When melanosis is associated with a partially obstructing colon carcinoma, the
pigment is more intense in the site next to the tumor. Melanosis is specifically
linked to the abuse of laxatives and more intense above the anal sphincter and
less higher in the sigma.
A pigment similar to that of melanosis has been shown in the appendix, in the mesenteric lymph nodes in the terminal ileum and in the liver. A dark pigment similar to that of melanosis and which may be a lipofuscin was highlighted in the esophagus in association with esophagitis. The duodenum melanosis has been described as due to the accumulation of true melanin. The diagnosis of melanosis coli is usually performed in sigmoidoscopy. The color can vary from light brown to dark brown or black. The darker areas are divided into polyhedral squares with lighter colored stripes. Non-pigmented areas derive from a different degree of pigment deposition. The lymphoid submucous follicles are not pigmented and therefore appear as lighter areas on the dark surface. The mucous polyps of the areas of melanosis do not macroscopically contain the pigment and may have an intensely pink appearance in the dark background.
Colonoscopy: colonscopy appearance of the
colonic mucosa with melanotic pigment
Microscopic evaluation of a mucosal biopsy with colonic melanosis shows that
epithelial cells are normal. Occasionally the submucosa can be thickened and
edematous with large cells. The main finding consists of an increased number of
large mononuclear cells or macrophages in the lamina propria, many of which
contain the melanotic-black pigment. These macrophages are located mainly
between the crypts. The pigment cells can be microscopically highlighted even in
the absence of macroscopic melanosis. Four histological grades of melanosis have
been defined as Grade 1 variants, with only a few cells containing pigment
granules, up to grade 4, in which the pigmented cells are extended and are
located below the muscularis mucosae, lymphatic vessels and regional lymph nodes
. This classification has only a descriptive meaning. Recent attempts to
characterize the pigment of melanosis coli have only contributed to confirm that
the pigment exhibits the reactions of both melanin and lipofuscin. An origin
from degenerate mitochondria, endoplasmic reticulum and glycogen has been
suggested.
However, recent observations with an electron microscope have indicated that the
pigment can be derived from abnormal lysosomes. Special staining techniques have
demonstrated a normal enzymatic activity of the neurons in the submucosal plexus
in patients with colic melanosis. Therefore, it is probable that a broad
spectrum of colon alterations may be induced by anthraquinone laxatives, which
may lead to an accumulation of pigment or an altered neural function or both.

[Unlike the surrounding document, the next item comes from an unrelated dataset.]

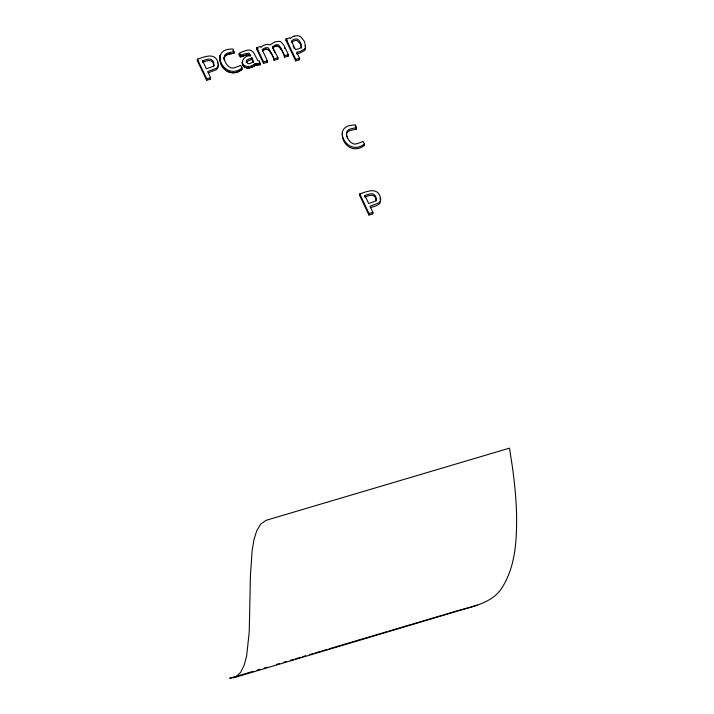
<?xml version="1.0" encoding="UTF-8"?>
<svg xmlns="http://www.w3.org/2000/svg" width="714" height="714" viewBox="0 0 714 714"><rect width="100%" height="100%" fill="white"/><g stroke="black" fill="none" stroke-linecap="round" stroke-linejoin="round"><path stroke-width="1.07" d="M213.986 66.161L213.593 63.948M376.296 200.884L375.894 198.67A10.862 8.809 3.3 0 0 375.171 197.242C373.065 193.539 367.924 196.029 365.113 196.912M197.323 60.681L197.403 59.182C202.954 57.504 213.058 52.559 217.02 59.967A16.377 13.289 3.3 0 1 217.788 61.582L218.341 64.59A6.872 5.569 3.3 0 1 216.556 68.151L207.694 71.543L210.594 77.647L210.505 79.147L206.632 80.289L197.323 60.681L198.412 60.36M202.589 60.779L206.391 68.794L213.263 66.295A3.445 2.794 3.3 0 0 213.897 65.385L213.673 62.448A10.862 8.809 3.3 0 0 212.95 61.02C210.773 57.209 205.445 59.949 202.589 60.779L202.499 62.279C205.355 61.449 210.692 58.709 212.861 62.52A10.862 8.809 3.3 0 1 213.584 63.948M206.632 80.289L206.721 78.79L197.403 59.182M234.192 51.667A38.529 31.264 3.3 0 0 227.686 53.077C219.555 55.389 227.525 70.659 234.54 67.669A42.403 34.406 3.3 0 0 240.689 65.349L242.046 67.955C224.83 82.021 207.051 47.999 233.112 49.052L234.103 53.166C230.568 54.014 222.964 54.014 224.187 59.449M260.396 63.234L255.255 63.555L255.166 65.045C251.346 69.16 242.207 69.508 242.162 62.35C242.073 60.922 242.305 66.634 244.331 67.018C249.918 70.454 254.612 64.001 260.315 64.733L259.378 60.824L258.191 60.815A1.187 0.964 3.3 0 1 257.816 60.654L253.479 52.318L250.489 50.114L247.365 50.132L242.59 51.676L239.199 53.318L239.11 54.817L240.297 56.986L247.704 54.532L249.186 54.764L250.257 56.058L249.284 54.826L247.963 54.514L241.386 56.593M240.297 56.986L240.386 55.487L239.199 53.318M242.046 67.955L241.957 69.454C230.943 78.317 217.591 67.928 220.296 55.246M253.265 62.386L251.792 59.289L251.881 57.789L246.687 60.128A2.115 1.723 3.3 0 0 246.339 60.842L247.633 63.394A1.731 1.41 3.3 0 0 248.445 63.653L249.659 63.51A14.637 11.87 3.3 0 0 253.131 61.94L253.684 61.6L251.881 57.789M284.538 57.191L284.627 55.692L281.021 48.106L278.612 44.803L276.023 44.714L272.418 46.669L277.951 57.664L277.871 59.164L274.096 60.288L274.185 58.789L268.455 48.07A1.946 1.58 3.3 0 0 267.572 47.659L265.554 47.82A8.229 6.676 3.3 0 0 262.565 49.355L262.136 49.685L267.411 60.797L267.322 62.296L263.52 63.421L256.719 49.105L256.808 47.606L260.574 46.49L260.994 47.374C263.225 44.982 266.938 43.599 270.07 44.92L274.944 41.894L279.219 41.305A4.195 3.4 3.3 0 1 280.914 41.912L283.842 45.169L288.394 54.567L288.313 56.067L284.538 57.191C283.092 51.899 278.879 41.599 272.329 48.168M263.52 63.421L263.6 61.922L256.808 47.606M304.619 49.052L300.139 51.444A22.536 18.287 3.3 0 1 296.694 52.158L299.594 58.271L299.505 59.771L295.703 60.895L285.984 40.43L286.064 38.931L289.839 37.815L290.259 38.699A9.8 7.952 3.3 0 1 294.15 36.084M295.703 60.895L295.792 59.396L286.064 38.931M355.376 126.574L355.465 125.075C329.413 124.022 347.183 158.044 364.399 143.978L363.042 141.381A42.403 34.406 3.3 0 1 356.893 143.692C349.887 146.682 341.908 131.412 350.047 129.1A38.529 31.264 3.3 0 1 356.545 127.699L355.465 125.075M346.379 134.473L347.102 132.126L349.958 130.6A38.529 31.264 3.3 0 1 356.464 129.198L356.545 127.69M359.624 195.404L359.713 193.905C365.265 192.227 375.368 187.282 379.33 194.69A16.377 13.289 3.3 0 1 380.098 196.305L380.651 199.313A6.872 5.569 3.3 0 1 378.866 202.874L370.004 206.275L372.895 212.37L372.815 213.87L368.942 215.021L359.624 195.404L360.722 195.083M342.47 131.599C340.453 144.344 353.305 154.153 364.318 145.477L364.399 143.978M364.809 197.002L364.89 195.502C367.746 194.672 373.083 191.932 375.252 195.743A10.862 8.809 3.3 0 1 375.975 197.171L376.198 200.107A3.445 2.794 3.3 0 1 375.573 201.018L368.701 203.526L364.89 195.502M368.942 215.021L369.022 213.522L359.713 193.905M246.232 62.537L246.259 62.341A2.115 1.723 3.3 0 1 246.607 61.627L251.792 59.289M301.281 48.24L300.799 45.125A21.036 17.065 3.3 0 0 300.103 43.616L297.176 40.644A2.865 2.321 3.3 0 0 296.015 40.448L294.766 40.636A8.675 7.033 3.3 0 0 291.776 42.215L291.66 42.296M220.108 55.576C218.1 68.321 230.952 78.129 241.957 69.454L241.448 68.482M220.519 54.924L220.769 54.612M262.377 50.944C268.446 44.928 273.185 55.683 274.096 60.288M255.255 63.555L252.827 65.179A13.486 10.942 3.3 0 1 250.132 66.277C238.583 68 241.073 55.424 250.828 55.585L248.972 53.131L245.134 53.782A94.471 76.648 3.3 0 0 241.475 55.094M262.493 50.855C265.197 48.097 269.803 48.802 270.606 52.925M272.828 47.793C275.47 45.205 280.058 45.5 280.932 49.605M239.975 54.362L239.11 54.817L240.395 54.148M240.386 55.487L241.475 55.094M233.523 677.845L477.514 605.133M256.719 49.105L258.129 48.686M285.984 40.43L287.394 40.011M208.22 72.864L216.449 69.633A6.872 5.569 3.3 0 0 218.252 66.09L218.154 64.644M206.721 78.79L210.594 77.647M263.6 61.922L267.411 60.797M274.185 58.789L277.951 57.664M284.627 55.692L288.394 54.567M295.792 59.396L299.594 58.271M370.227 207.676L376.224 205.828L378.759 204.356A6.872 5.569 3.3 0 0 380.562 200.812L380.16 198.206M369.022 213.522L372.895 212.37M244.893 673.784L229.676 678.3L235.906 676.854L240.68 672.329L244.206 665.145L246.678 655.729L249.24 631.854L250.418 575.645L252.194 549.994L254.068 539.249L256.87 530.448L260.797 524.005L266.036 520.336L509.484 448.133L512.268 466.028A219.858 52.158 73.5 0 1 516.552 513.277C516.865 537.954 516.061 564.363 502.995 586.132C493.785 602.527 474.444 606.079 457.906 610.613M245.902 673.489L253.006 671.383M257.067 670.178L260.11 669.277M264.162 668.072L267.206 667.171M276.336 664.457L279.379 663.556M283.44 662.36L286.484 661.45M290.536 660.254L293.579 659.343M295.605 658.745L300.683 657.246M302.709 656.639L305.753 655.738M309.814 654.533L312.857 653.631M314.883 653.033L319.952 651.525M321.978 650.927L327.057 649.419M329.083 648.821L386.899 631.667M388.934 631.069L397.046 628.659M398.064 628.365L411.246 624.447M412.264 624.152L442.689 615.129M443.706 614.825L456.889 610.916M294.195 36.164L297.399 35.709A5.373 4.355 3.3 0 1 300.683 36.744L303.959 40.752A29.738 24.124 3.3 0 1 304.682 42.233L305.556 47.427A5.301 4.302 3.3 0 1 304.619 49.052M255.166 65.045L260.315 64.733L259.932 63.832M273.239 49.543L273.373 49.801M363.81 144.505L364.318 145.477M273.667 50.364L273.828 50.685M284.44 47.936L284.663 48.4M372.271 212.727L372.815 213.87M293.097 46.258L293.347 46.785M293.847 47.838L294.097 48.373M296.792 54.05L296.613 53.675A22.536 18.287 3.3 0 0 300.058 52.961L304.539 50.551A5.301 4.302 3.3 0 0 305.476 48.927L305.28 45.589M299.148 59.012L299.505 59.771M287.858 55.112L288.313 56.067M274.346 51.747L274.783 52.675M277.425 58.236L277.871 59.164M266.661 60.904L267.322 62.296M210.148 78.379L210.505 79.147M355.92 127.886L356.464 129.189M233.023 50.551L234.103 53.166C230.443 53.943 222.572 54.175 224.276 59.824M347.191 137.516L347.575 138.462M346.638 135.847L346.87 136.642M217.351 62.252A16.377 13.289 3.3 0 1 217.708 63.082M301.451 45.964L301.37 46.74A2.927 2.374 3.3 0 1 300.656 47.82L298.613 48.829A17.011 13.798 3.3 0 1 295.435 49.525L291.428 41.064L291.856 40.707A8.675 7.033 3.3 0 1 294.846 39.118L296.105 38.949A2.865 2.321 3.3 0 1 297.265 39.154L298.988 40.359L300.469 42.661A19.305 15.654 3.3 0 1 301.112 44.214L301.451 45.964"/></g></svg>

This group of laxatives can therefore lead to melanosis coli, an increase in fat
in the submucosa, atrophy of "smooth muscle and damage to intrinsic
innervation.When there is a predominance of these last two aspects, the function
of the large intestine is altered, as discussed elsewhere.The evidence of
melanosis coli on a patient must immediately pose the problem on the harmful use
of laxatives and symptoms of faecal stasis.In the absence of a history of abuse
of anthraquinone laxatives, the finding of melanosis coli it requires further
evaluation for the investigation of malignant neoplasm of the large intestine.